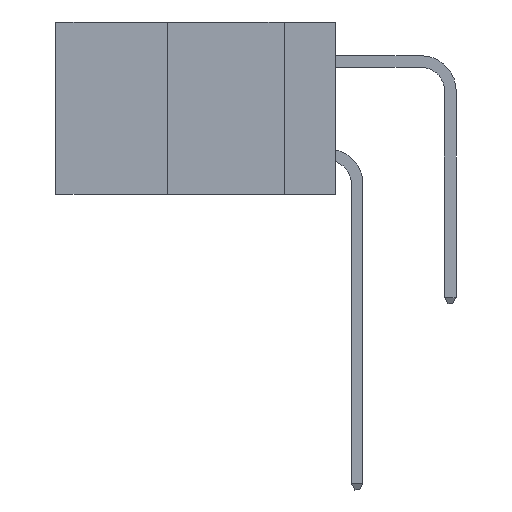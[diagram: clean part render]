
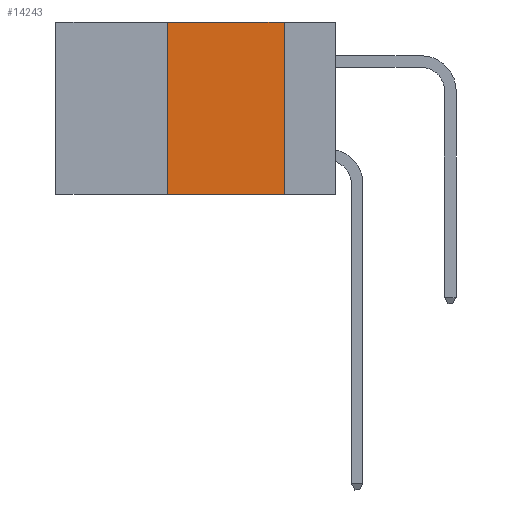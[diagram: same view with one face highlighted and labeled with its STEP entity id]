
A CAD part, left-side view. The second image highlights one B-rep face of the part: STEP entity #14243.
In plain terms, the highlighted planar face has unit normal (-1, 0, 0).
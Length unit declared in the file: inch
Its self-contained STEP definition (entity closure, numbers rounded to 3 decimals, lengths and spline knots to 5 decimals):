
#329 = EDGE_CURVE ( 'NONE', #3611, #12216, #23900, .T. ) ;
#1231 = VECTOR ( 'NONE', #11494, 39.37008 ) ;
#2089 = LINE ( 'NONE', #5674, #21193 ) ;
#2207 = ORIENTED_EDGE ( 'NONE', *, *, #17301, .F. ) ;
#3193 = DIRECTION ( 'NONE',  ( 0., 0., 1. ) ) ;
#3611 = VERTEX_POINT ( 'NONE', #5722 ) ;
#4320 = DIRECTION ( 'NONE',  ( 0., 0., -1. ) ) ;
#4861 = CARTESIAN_POINT ( 'NONE',  ( 0., 0.11, 0. ) ) ;
#5674 = CARTESIAN_POINT ( 'NONE',  ( 0., 0.11, 0. ) ) ;
#5722 = CARTESIAN_POINT ( 'NONE',  ( 0., 0.36, -0.37 ) ) ;
#5827 = ORIENTED_EDGE ( 'NONE', *, *, #329, .T. ) ;
#7941 = DIRECTION ( 'NONE',  ( 1., 0., 0. ) ) ;
#9148 = DIRECTION ( 'NONE',  ( 0., 0., -1. ) ) ;
#9246 = EDGE_CURVE ( 'NONE', #18411, #12216, #2089, .T. ) ;
#9964 = LINE ( 'NONE', #17884, #10548 ) ;
#10548 = VECTOR ( 'NONE', #3193, 39.37008 ) ;
#11252 = CARTESIAN_POINT ( 'NONE',  ( 0., 0.6, 0. ) ) ;
#11494 = DIRECTION ( 'NONE',  ( 0., -1., 0. ) ) ;
#11647 = CARTESIAN_POINT ( 'NONE',  ( 0., 0.6, 0. ) ) ;
#12216 = VERTEX_POINT ( 'NONE', #14207 ) ;
#12788 = DIRECTION ( 'NONE',  ( 0., -1., 0. ) ) ;
#13570 = LINE ( 'NONE', #11252, #1231 ) ;
#14063 = EDGE_LOOP ( 'NONE', ( #21177, #14949, #2207, #5827 ) ) ;
#14207 = CARTESIAN_POINT ( 'NONE',  ( 0., 0.11, -0.37 ) ) ;
#14235 = VECTOR ( 'NONE', #12788, 39.37008 ) ;
#14243 = ADVANCED_FACE ( 'NONE', ( #20161 ), #19288, .F. ) ;
#14247 = AXIS2_PLACEMENT_3D ( 'NONE', #11647, #7941, #4320 ) ;
#14949 = ORIENTED_EDGE ( 'NONE', *, *, #21602, .F. ) ;
#16221 = VERTEX_POINT ( 'NONE', #17185 ) ;
#17185 = CARTESIAN_POINT ( 'NONE',  ( 0., 0.36, 0. ) ) ;
#17301 = EDGE_CURVE ( 'NONE', #3611, #16221, #9964, .T. ) ;
#17884 = CARTESIAN_POINT ( 'NONE',  ( 0., 0.36, 0. ) ) ;
#18411 = VERTEX_POINT ( 'NONE', #4861 ) ;
#19288 = PLANE ( 'NONE',  #14247 ) ;
#20161 = FACE_OUTER_BOUND ( 'NONE', #14063, .T. ) ;
#21177 = ORIENTED_EDGE ( 'NONE', *, *, #9246, .F. ) ;
#21193 = VECTOR ( 'NONE', #9148, 39.37008 ) ;
#21602 = EDGE_CURVE ( 'NONE', #16221, #18411, #13570, .T. ) ;
#23900 = LINE ( 'NONE', #24043, #14235 ) ;
#24043 = CARTESIAN_POINT ( 'NONE',  ( 0., 0.6, -0.37 ) ) ;
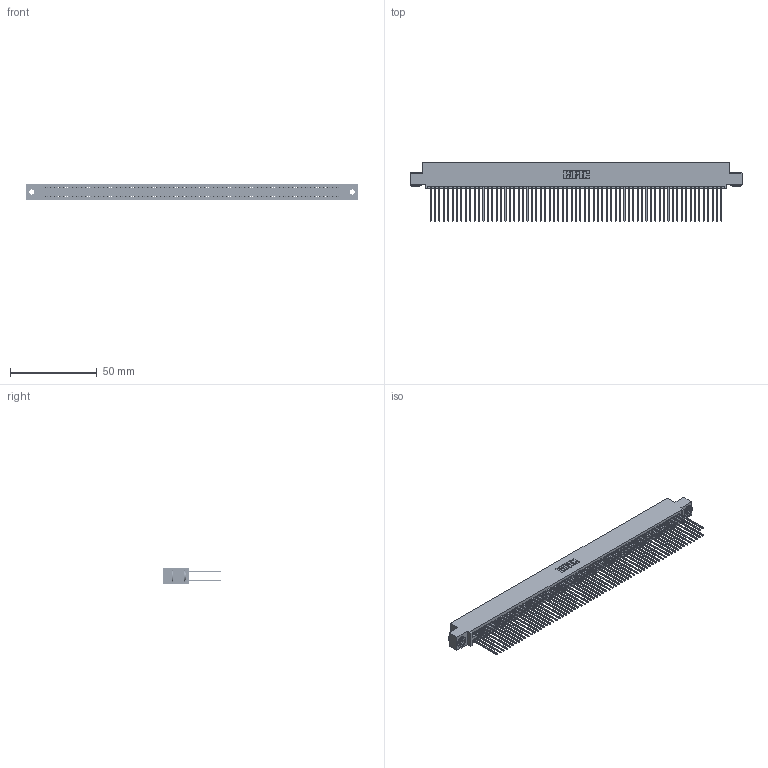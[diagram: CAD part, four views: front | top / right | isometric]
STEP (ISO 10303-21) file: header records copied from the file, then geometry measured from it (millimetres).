
FILE_DESCRIPTION (( 'STEP AP203' ), '1' );
FILE_NAME ('345-134-541-503.STEP', '2018-10-20T09:22:23', ( '' ), ( '' ), 'SwSTEP 2.0', 'SolidWorks 2016', '' );
FILE_SCHEMA (( 'CONFIG_CONTROL_DESIGN' ));
Length unit declared in the file: inch
Products named in the file (4): 345-134-541-503; 345 Part_0.110 Offset - 0.156 Dia-TH; 345-250-002_345-250-002-102; 345-292-001_345-293-141
Assembly tree (137 placements, depth 2):
  345-134-541-503
    345 Part_0.110 Offset - 0.156 Dia-TH
    345-292-001_345-293-141  x134
    345-250-002_345-250-002-102  x2
Bounding box: 191.39 x 33.96 x 9.4 mm (x, y, z)
Volume: 19538.6 mm3; surface area: 33277.1 mm2
Topology: 137 solids, 137 shells, 6868 faces, 20395 edges, 13414 vertices
Faces by surface type: plane 4516, cylinder 2344, cone 8
Entity records: 50004 total; most frequent: CARTESIAN_POINT 8335, ORIENTED_EDGE 8262, DIRECTION 7349, EDGE_CURVE 4131, VECTOR 3707, LINE 3707, VERTEX_POINT 2750, AXIS2_PLACEMENT_3D 1821

┄┄┄┄┄┄┄┄┄┄┄┄┄┄┄┄┄┄┄┄

**TASK DIRECTIONS:** Each record above should come back exactly the same, only without its pictures.

**EXERCISE OUTPUT:**
[diagram: clean part render]
[diagram: same view with one face highlighted and labeled with its STEP entity id]
A CAD part, left-side view. The second image highlights one B-rep face of the part: STEP entity #14243.
In plain terms, the highlighted planar face has unit normal (-1, 0, 0).
Length unit declared in the file: inch
Its self-contained STEP definition (entity closure, numbers rounded to 3 decimals, lengths and spline knots to 5 decimals):
#329 = EDGE_CURVE ( 'NONE', #3611, #12216, #23900, .T. ) ;
#1231 = VECTOR ( 'NONE', #11494, 39.37008 ) ;
#2089 = LINE ( 'NONE', #5674, #21193 ) ;
#2207 = ORIENTED_EDGE ( 'NONE', *, *, #17301, .F. ) ;
#3193 = DIRECTION ( 'NONE',  ( 0., 0., 1. ) ) ;
#3611 = VERTEX_POINT ( 'NONE', #5722 ) ;
#4320 = DIRECTION ( 'NONE',  ( 0., 0., -1. ) ) ;
#4861 = CARTESIAN_POINT ( 'NONE',  ( 0., 0.11, 0. ) ) ;
#5674 = CARTESIAN_POINT ( 'NONE',  ( 0., 0.11, 0. ) ) ;
#5722 = CARTESIAN_POINT ( 'NONE',  ( 0., 0.36, -0.37 ) ) ;
#5827 = ORIENTED_EDGE ( 'NONE', *, *, #329, .T. ) ;
#7941 = DIRECTION ( 'NONE',  ( 1., 0., 0. ) ) ;
#9148 = DIRECTION ( 'NONE',  ( 0., 0., -1. ) ) ;
#9246 = EDGE_CURVE ( 'NONE', #18411, #12216, #2089, .T. ) ;
#9964 = LINE ( 'NONE', #17884, #10548 ) ;
#10548 = VECTOR ( 'NONE', #3193, 39.37008 ) ;
#11252 = CARTESIAN_POINT ( 'NONE',  ( 0., 0.6, 0. ) ) ;
#11494 = DIRECTION ( 'NONE',  ( 0., -1., 0. ) ) ;
#11647 = CARTESIAN_POINT ( 'NONE',  ( 0., 0.6, 0. ) ) ;
#12216 = VERTEX_POINT ( 'NONE', #14207 ) ;
#12788 = DIRECTION ( 'NONE',  ( 0., -1., 0. ) ) ;
#13570 = LINE ( 'NONE', #11252, #1231 ) ;
#14063 = EDGE_LOOP ( 'NONE', ( #21177, #14949, #2207, #5827 ) ) ;
#14207 = CARTESIAN_POINT ( 'NONE',  ( 0., 0.11, -0.37 ) ) ;
#14235 = VECTOR ( 'NONE', #12788, 39.37008 ) ;
#14243 = ADVANCED_FACE ( 'NONE', ( #20161 ), #19288, .F. ) ;
#14247 = AXIS2_PLACEMENT_3D ( 'NONE', #11647, #7941, #4320 ) ;
#14949 = ORIENTED_EDGE ( 'NONE', *, *, #21602, .F. ) ;
#16221 = VERTEX_POINT ( 'NONE', #17185 ) ;
#17185 = CARTESIAN_POINT ( 'NONE',  ( 0., 0.36, 0. ) ) ;
#17301 = EDGE_CURVE ( 'NONE', #3611, #16221, #9964, .T. ) ;
#17884 = CARTESIAN_POINT ( 'NONE',  ( 0., 0.36, 0. ) ) ;
#18411 = VERTEX_POINT ( 'NONE', #4861 ) ;
#19288 = PLANE ( 'NONE',  #14247 ) ;
#20161 = FACE_OUTER_BOUND ( 'NONE', #14063, .T. ) ;
#21177 = ORIENTED_EDGE ( 'NONE', *, *, #9246, .F. ) ;
#21193 = VECTOR ( 'NONE', #9148, 39.37008 ) ;
#21602 = EDGE_CURVE ( 'NONE', #16221, #18411, #13570, .T. ) ;
#23900 = LINE ( 'NONE', #24043, #14235 ) ;
#24043 = CARTESIAN_POINT ( 'NONE',  ( 0., 0.6, -0.37 ) ) ;
[diagram: CAD part, four views: front | top / right | isometric]
STEP (ISO 10303-21) file: header records copied from the file, then geometry measured from it (millimetres).
FILE_DESCRIPTION (( 'STEP AP203' ), '1' );
FILE_NAME ('345-134-541-503.STEP', '2018-10-20T09:22:23', ( '' ), ( '' ), 'SwSTEP 2.0', 'SolidWorks 2016', '' );
FILE_SCHEMA (( 'CONFIG_CONTROL_DESIGN' ));
Length unit declared in the file: inch
Products named in the file (4): 345-134-541-503; 345 Part_0.110 Offset - 0.156 Dia-TH; 345-250-002_345-250-002-102; 345-292-001_345-293-141
Assembly tree (137 placements, depth 2):
  345-134-541-503
    345 Part_0.110 Offset - 0.156 Dia-TH
    345-292-001_345-293-141  x134
    345-250-002_345-250-002-102  x2
Bounding box: 191.39 x 33.96 x 9.4 mm (x, y, z)
Volume: 19538.6 mm3; surface area: 33277.1 mm2
Topology: 137 solids, 137 shells, 6868 faces, 20395 edges, 13414 vertices
Faces by surface type: plane 4516, cylinder 2344, cone 8
Entity records: 50004 total; most frequent: CARTESIAN_POINT 8335, ORIENTED_EDGE 8262, DIRECTION 7349, EDGE_CURVE 4131, VECTOR 3707, LINE 3707, VERTEX_POINT 2750, AXIS2_PLACEMENT_3D 1821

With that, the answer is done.